(WHAT YOU WILL DO) Under this line are the records; write out word for word the part that begins at the line containing "alike) : DiscreteZeroPole" and ends at the line containing "settings: InputPortMap=u0,e6", and no more.
"""
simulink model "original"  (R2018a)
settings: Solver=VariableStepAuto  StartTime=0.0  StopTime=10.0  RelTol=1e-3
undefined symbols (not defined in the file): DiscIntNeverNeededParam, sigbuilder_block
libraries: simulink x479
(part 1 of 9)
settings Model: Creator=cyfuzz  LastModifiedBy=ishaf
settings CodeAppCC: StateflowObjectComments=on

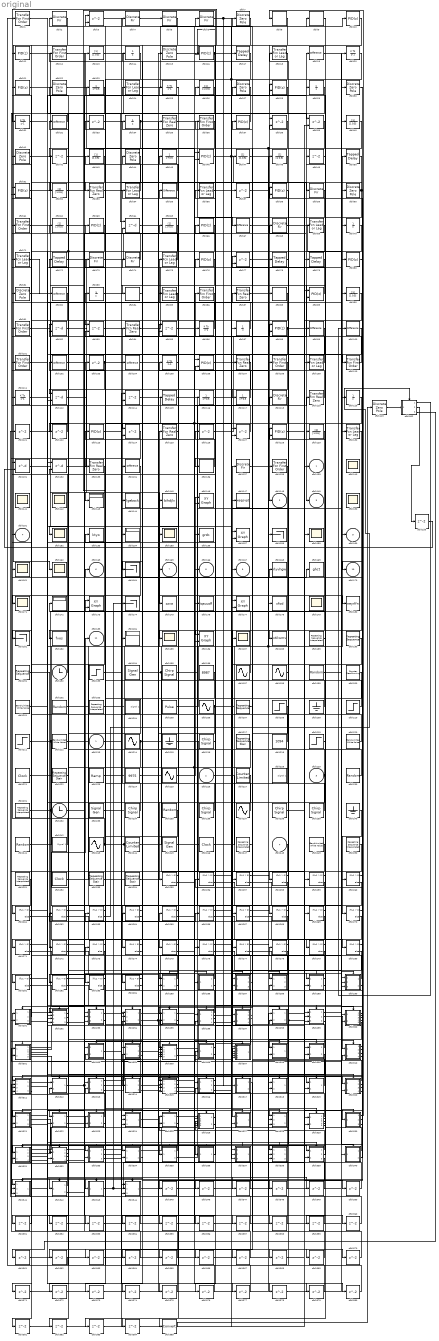
== system original ==
  cfblk213 : Inport
  cfblk226 : Inport  Port=2
  cfblk229 : Inport  Port=3
  cfblk248 : Inport  Port=4
  cfblk{1,12,36,61,86,91,101,108,110,138} (10 alike) : simulink/Discrete/Transfer Fcn First Order  PoleZ=0.95  ICPrevOutput=0.0  DoSatur=off
      settings: SourceProductName=Simulink
  cfblk{10..11,16,21,37,63,66,76,80,123} (10 alike) : simulink/Continuous/PID Controller  Controller=PID  TimeDomain=Discrete-time  SampleTime=1  IntegratorMethod=Forward Euler  FilterMethod=Forward Euler  Form=Parallel  UseFilter=on  ControllerParametersSource=internal  P=1  I=1  D=0  N=100  InitialConditionSource=internal  InitialConditionForIntegrator=0  InitialConditionForFilter=0  ExternalReset=none  LimitOutput=off  UpperSaturationLimit=inf  LowerSaturationLimit=-inf  LinearizeAsGain=off  AntiWindupMode=none  Kb=1  TrackingMode=off  Kt=1  PParamMin=[]  PParamMax=[]  IParamMin=[]  IParamMax=[]  DParamMin=[]  DParamMax=[]  NParamMin=[]  NParamMax=[]  KbParamMin=[]  KbParamMax=[]  KtParamMin=[]  KtParamMax=[]  POutMin=[]  POutMax=[]  IOutMin=[]  IOutMax=[]  DOutMin=[]  DOutMax=[]  NOutMin=[]  NOutMax=[]  KbOutMin=[]  KbOutMax=[]  KtOutMin=[]  KtOutMax=[]  IntegratorOutMin=[]  IntegratorOutMax=[]  FilterOutMin=[]  FilterOutMax=[]  SumOutMin=[]  SumOutMax=[]  SumI1OutMin=[]  SumI1OutMax=[]  SumI2OutMin=[]  SumI2OutMax=[]  SumI3OutMin=[]  SumI3OutMax=[]  SumDOutMin=[]  SumDOutMax=[]  SaturationOutMin=[]  SaturationOutMax=[]  IntegratorContinuousStateAttributes=''  IntegratorStateMustResolveToSignalObject=off  IntegratorRTWStateStorageClass=Auto  FilterContinuousStateAttributes=''  FilterStateMustResolveToSignalObject=off  FilterRTWStateStorageClass=Auto  DifferentiatorICPrevScaledInput=0  DifferentiatorOutMin=[]  DifferentiatorOutMax=[]  FilterDiffOutCoefMin=[]  FilterDiffOutCoefMax=[]  SumDenOutMin=[]  SumDenOutMax=[]  SumNumOutMin=[]  SumNumOutMax=[]  ReciprocalOutMin=[]  ReciprocalOutMax=[]  DivideOutMin=[]  DivideOutMax=[]  TunerSelectOption=Transfer Function Based (PID Tuner App)
  cfblk{19,32,55,67,82,99..100,102,104,134} (10 alike) : simulink/Discrete/Difference  ICPrevInput=0.0  OutMin=[]  OutMax=[]  OutDataTypeStr=Inherit: Inherit via back propagation  OutDataType=fixdt(1, 16)  OutScaling=2^-10  DoSatur=off
  cfblk{33,42,49,57,103,121..122,126,135,345..384} (49 alike) : Delay  SampleTime=1
  cfblk{20,25,31,96,105,111} (6 alike) : DiscreteIntegrator  ICPrevOutput=DiscIntNeverNeededParam  ICPrevScaledInput=DiscIntNeverNeededParam
  cfblk{28,46,51,58,89,98,106,128} (8 alike) : simulink/Continuous/PID Controller (2DOF)  Controller=PID  TimeDomain=Discrete-time  SampleTime=1  IntegratorMethod=Forward Euler  FilterMethod=Forward Euler  Form=Parallel  UseFilter=on  ControllerParametersSource=internal  P=1  I=1  D=0  N=100  b=1  c=1  InitialConditionSource=internal  InitialConditionForIntegrator=0  InitialConditionForFilter=0  ExternalReset=none  LimitOutput=off  UpperSaturationLimit=inf  LowerSaturationLimit=-inf  LinearizeAsGain=off  AntiWindupMode=none  Kb=1  TrackingMode=off  Kt=1  PParamMin=[]  PParamMax=[]  IParamMin=[]  IParamMax=[]  DParamMin=[]  DParamMax=[]  NParamMin=[]  NParamMax=[]  bParamMin=[]  bParamMax=[]  cParamMin=[]  cParamMax=[]  KbParamMin=[]  KbParamMax=[]  KtParamMin=[]  KtParamMax=[]  POutMin=[]  POutMax=[]  IOutMin=[]  IOutMax=[]  DOutMin=[]  DOutMax=[]  NOutMin=[]  NOutMax=[]  bOutMin=[]  bOutMax=[]  cOutMin=[]  cOutMax=[]  KbOutMin=[]  KbOutMax=[]  KtOutMin=[]  KtOutMax=[]  IntegratorOutMin=[]  IntegratorOutMax=[]  FilterOutMin=[]  FilterOutMax=[]  SumOutMin=[]  SumOutMax=[]  Sum1OutMin=[]  Sum1OutMax=[]  Sum2OutMin=[]  Sum2OutMax=[]  Sum3OutMin=[]  Sum3OutMax=[]  SumI1OutMin=[]  SumI1OutMax=[]  SumI2OutMin=[]  SumI2OutMax=[]  SumI3OutMin=[]  SumI3OutMax=[]  SumDOutMin=[]  SumDOutMax=[]  SaturationOutMin=[]  SaturationOutMax=[]  IntegratorContinuousStateAttributes=''  IntegratorStateMustResolveToSignalObject=off  IntegratorRTWStateStorageClass=Auto  FilterContinuousStateAttributes=''  FilterStateMustResolveToSignalObject=off  FilterRTWStateStorageClass=Auto  DifferentiatorICPrevScaledInput=0  DifferentiatorOutMin=[]  DifferentiatorOutMax=[]  FilterDiffOutCoefMin=[]  FilterDiffOutCoefMax=[]  SumDenOutMin=[]  SumDenOutMax=[]  SumNumOutMin=[]  SumNumOutMax=[]  ReciprocalOutMin=[]  ReciprocalOutMax=[]  DivideOutMin=[]  DivideOutMax=[]  TunerSelectOption=Transfer Function Based (PID Tuner App)
  cfblk{35,53,87,94,107,119,125,133} (8 alike) : simulink/Discrete/Transfer Fcn Real Zero  ZeroZ=0.75  ICPrevInput=0.0  DoSatur=off
      settings: SourceProductName=Simulink  SourceProductBaseCode=SL
  cfblk{18,24,54,56,69,71,75,85,109,130} (10 alike) : simulink/Discrete/Transfer Fcn Lead or Lag  PoleZ=0.95  ZeroZ=0.75  ICPrevOutput=0.0  ICPrevInput=0.0  DoSatur=off
      settings: SourceProductName=Simulink  SourceProductBaseCode=SL
  cfblk{64,92,112,131..132} (5 alike) : Delay  DelayLengthSource=Input port  SampleTime=1
      settings: InputPortMap=u0,p1
  cfblk{7,15,22,27,30,41,44,60,81,113} (10 alike) : DiscreteZeroPole  Poles=[0 0.5]  Gain=1
  cfblk{3,38..39,77,93,95,114,124,127} (9 alike) : Delay  ShowEnablePort=on  SampleTime=1
      settings: InputPortMap=u0,e6
  cfblk{17,50,72,78..79,115} (6 alike) : simulink/Discrete/Tapped Delay  vinit=0.0  samptime=-1  NumDelays=1  DelayOrder=Oldest  includeCurrent=off
  cfblk{23,45,116..117} (4 alike) : DiscreteTransferFcn  SampleTime=1
  cfblk{2,4..6,59,68,73..74,118,137} (10 alike) : DiscreteFir  SampleTime=1
  cfblk{14,29,34,70,83,97,120} (7 alike) : UnitDelay
  cfblk{13,26,40,43,47..48,52,62,65,90,129} (11 alike) : DiscreteFilter  SampleTime=1
  cfblk{8..9,84,88,136} (5 alike) : DiscreteStateSpace
  cfblk{140..142,150,152,155,159,161..162,171,179,185,187} (13 alike) : Scope
      cfblk140 settings: Floating=on
      cfblk141 settings: Floating=on
      cfblk142 settings: Floating=on
      cfblk150 settings: Floating=on
      cfblk179 settings: Floating=on
  cfblk{143,154,172,184} (4 alike) : Display
  cfblk144 : ToWorkspace  VariableName=lgebsck  SaveFormat=Timeseries  SampleTime=-1
  cfblk145 : ToWorkspace  VariableName=bihdjlv  SaveFormat=Timeseries  SampleTime=-1
  cfblk{146,157,173,177,186} (5 alike) : simulink/Sinks/XY Graph  xmin=-1  xmax=1  ymin=-1  ymax=1  st=-1
  cfblk147 : ToWorkspace  VariableName=xeqpvpt  SaveFormat=Timeseries  SampleTime=-1
  cfblk153 : ToFile  Filename=ktyo  SaveFormat=Timeseries
  cfblk156 : ToFile  Filename=grzb  SaveFormat=Timeseries
  cfblk{158,164,174,181} (4 alike) : Terminator
  cfblk168 : ToWorkspace  VariableName=rlyvhgw  SaveFormat=Timeseries  SampleTime=-1
  cfblk169 : ToFile  Filename=ghct  SaveFormat=Timeseries
  cfblk175 : ToFile  Filename=zzva  SaveFormat=Timeseries
  cfblk176 : ToWorkspace  VariableName=iqauudf  SaveFormat=Timeseries  SampleTime=-1
  cfblk178 : ToFile  Filename=xfod  SaveFormat=Timeseries
  cfblk180 : ToWorkspace  VariableName=neyrlfn  SaveFormat=Timeseries  SampleTime=-1
  cfblk182 : ToFile  Filename=fvos  SaveFormat=Timeseries
  cfblk188 : ToWorkspace  VariableName=xtilwmv  SaveFormat=Timeseries  SampleTime=-1
  cfblk{189,203,231,247,250..251} (6 alike) : simulink/Sources/Repeating Sequence Interpolated  OutValues=[3 1 4 2 1].'  TimeValues=[0 0.1 0.5 0.6 1].'  LookUpMeth=Interpolation-Use End Values  tsamp=0.01  OutMin=[]  OutMax=[]  OutDataTypeStr=double  OutputDataTypeScalingMode=double  OutDataType=fixdt(0,8)  OutScaling=2^-10
  cfblk190 : simulink/Sources/Repeating Sequence  rep_seq_t=[0 2]  rep_seq_y=[0 2]
  cfblk191 : simulink/Sources/Repeating Sequence  rep_seq_t=[0 2]  rep_seq_y=[0 2]
  cfblk192 : Clock
  cfblk193 : Step  After=18  SampleTime=0
  cfblk194 : SignalGenerator  Units=rad/sec
  cfblk{195,216,234,236,238..239} (6 alike) : simulink/Sources/Chirp Signal  f1=0.1  T=100  f2=1
  cfblk196 : Constant  Value=8987
  cfblk{197..198,206,214,225,237,243} (7 alike) : Sin  SampleTime=0
  cfblk{199,230,235,241} (4 alike) : RandomNumber  SampleTime=0.1
  cfblk200 : simulink/Sources/Counter Free-Running  NumBits=16  tsamp=-1
  cfblk{201,212,220,249} (4 alike) : simulink/Sources/Band-Limited White Noise  Cov=[0.1]  Ts=0.1  seed=[23341]
  cfblk202 : UniformRandomNumber  SampleTime=0.1
  cfblk204 : Subsystem  Tag=STV Subsys  LoadFcn=sigbuilder_block('load');  StartFcn=sigbuilder_block('start');  StopFcn=sigbuilder_block('stop');  ClipboardFcn=sigbuilder_block('clipboard');  mask(Sigbuilder block){tuvar=[0:10]}
      mask help: Simulink:masks:SigbuilderBlock_MD
      mask init:
      | if ~strcmp(get_param(bdroot(gcbh),'SimulationStatus'),'stopped') tuvar = sigbuilder_block('maskInit'); end
      settings: CopyFcn=sigbuilder_block('copy');  DeleteFcn=sigbuilder_block('delete');  ModelCloseFcn=sigbuilder_block('modelClose');  PreSaveFcn=sigbuilder_block('preSave');  PauseFcn=sigbuilder_block('pause');  ContinueFcn=sigbuilder_block('continue');  NameChangeFcn=sigbuilder_block('namechange');  OpenFcn=sigbuilder_block('open',[437.6 199.2 550.4 400 ]);  CloseFcn=sigbuilder_block('close');
      mask Display: plot(0, 0, 100, 100,[2, 2, 32, 32, 2], [68, 8, 8, 68, 68],[32, 2], [38, 38], [32, 19, 2],[53, 60, 44], [32, 17, 17, 2],[16, 16, 31, 31]);txt = getActiveGroup(gcbh);text(2, 100, txt,'verticalAlignment', 'top');
  cfblk205 : DiscretePulseGenerator  PulseType=Time based  Period=10  PulseWidth=5
  cfblk207 : simulink/Sources/Repeating Sequence  rep_seq_t=[0 2]  rep_seq_y=[0 2]
  cfblk208 : Step  After=83  SampleTime=0
  cfblk209 : Ground
  cfblk210 : Step  After=27  SampleTime=0
  cfblk211 : Step  After=11  SampleTime=0
  cfblk215 : Ground
  cfblk{217,222,253..254} (4 alike) : simulink/Sources/Repeating Sequence Stair  OutValues=[3 1 4 2 1].'  tsamp=-1  OutMin=[]  OutMax=[]  OutDataTypeStr=double  OutputDataTypeScalingMode=double  OutDataType=fixdt(0,8)  ConRadixGroup=Best Precision: Vector-wise  OutScaling=2^-12
  cfblk218 : Constant  Value=1094
  cfblk219 : Step  After=49  SampleTime=0
  cfblk221 : DigitalClock
  cfblk223 : simulink/Sources/Ramp  slope=1  start=0  InitialOutput=0
  cfblk224 : Constant  Value=9975
  cfblk227 : simulink/Sources/Counter Limited  uplimit=7  tsamp=-1
  cfblk228 : Subsystem  Tag=STV Subsys  LoadFcn=sigbuilder_block('load');  StartFcn=sigbuilder_block('start');  StopFcn=sigbuilder_block('stop');  ClipboardFcn=sigbuilder_block('clipboard');  mask(Sigbuilder block){tuvar=[0:10]}
      mask help: Simulink:masks:SigbuilderBlock_MD
      mask init:
      | if ~strcmp(get_param(bdroot(gcbh),'SimulationStatus'),'stopped') tuvar = sigbuilder_block('maskInit'); end
      settings: CopyFcn=sigbuilder_block('copy');  DeleteFcn=sigbuilder_block('delete');  ModelCloseFcn=sigbuilder_block('modelClose');  PreSaveFcn=sigbuilder_block('preSave');  PauseFcn=sigbuilder_block('pause');  ContinueFcn=sigbuilder_block('continue');  NameChangeFcn=sigbuilder_block('namechange');  OpenFcn=sigbuilder_block('open',[437.6 199.2 550.4 400 ]);  CloseFcn=sigbuilder_block('close');
      mask Display: plot(0, 0, 100, 100,[2, 2, 32, 32, 2], [68, 8, 8, 68, 68],[32, 2], [38, 38], [32, 19, 2],[53, 60, 44], [32, 17, 17, 2],[16, 16, 31, 31]);txt = getActiveGroup(gcbh);text(2, 100, txt,'verticalAlignment', 'top');
  cfblk232 : Clock
  cfblk233 : SignalGenerator  Units=rad/sec
  cfblk240 : Ground
  cfblk242 : Subsystem  Tag=STV Subsys  LoadFcn=sigbuilder_block('load');  StartFcn=sigbuilder_block('start');  StopFcn=sigbuilder_block('stop');  ClipboardFcn=sigbuilder_block('clipboard');  mask(Sigbuilder block){tuvar=[0:10]}
      mask help: Simulink:masks:SigbuilderBlock_MD
      mask init:
      | if ~strcmp(get_param(bdroot(gcbh),'SimulationStatus'),'stopped') tuvar = sigbuilder_block('maskInit'); end
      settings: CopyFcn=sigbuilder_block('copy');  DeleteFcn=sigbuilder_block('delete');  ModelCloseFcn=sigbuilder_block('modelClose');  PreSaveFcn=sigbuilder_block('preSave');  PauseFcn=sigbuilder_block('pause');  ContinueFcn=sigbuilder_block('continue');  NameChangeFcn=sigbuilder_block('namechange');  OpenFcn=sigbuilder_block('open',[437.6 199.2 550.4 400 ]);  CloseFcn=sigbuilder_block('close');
"""
(ANSWER SPACE)
  cfblk{7,15,22,27,30,41,44,60,81,113} (10 alike) : DiscreteZeroPole  Poles=[0 0.5]  Gain=1
  cfblk{3,38..39,77,93,95,114,124,127} (9 alike) : Delay  ShowEnablePort=on  SampleTime=1
      settings: InputPortMap=u0,e6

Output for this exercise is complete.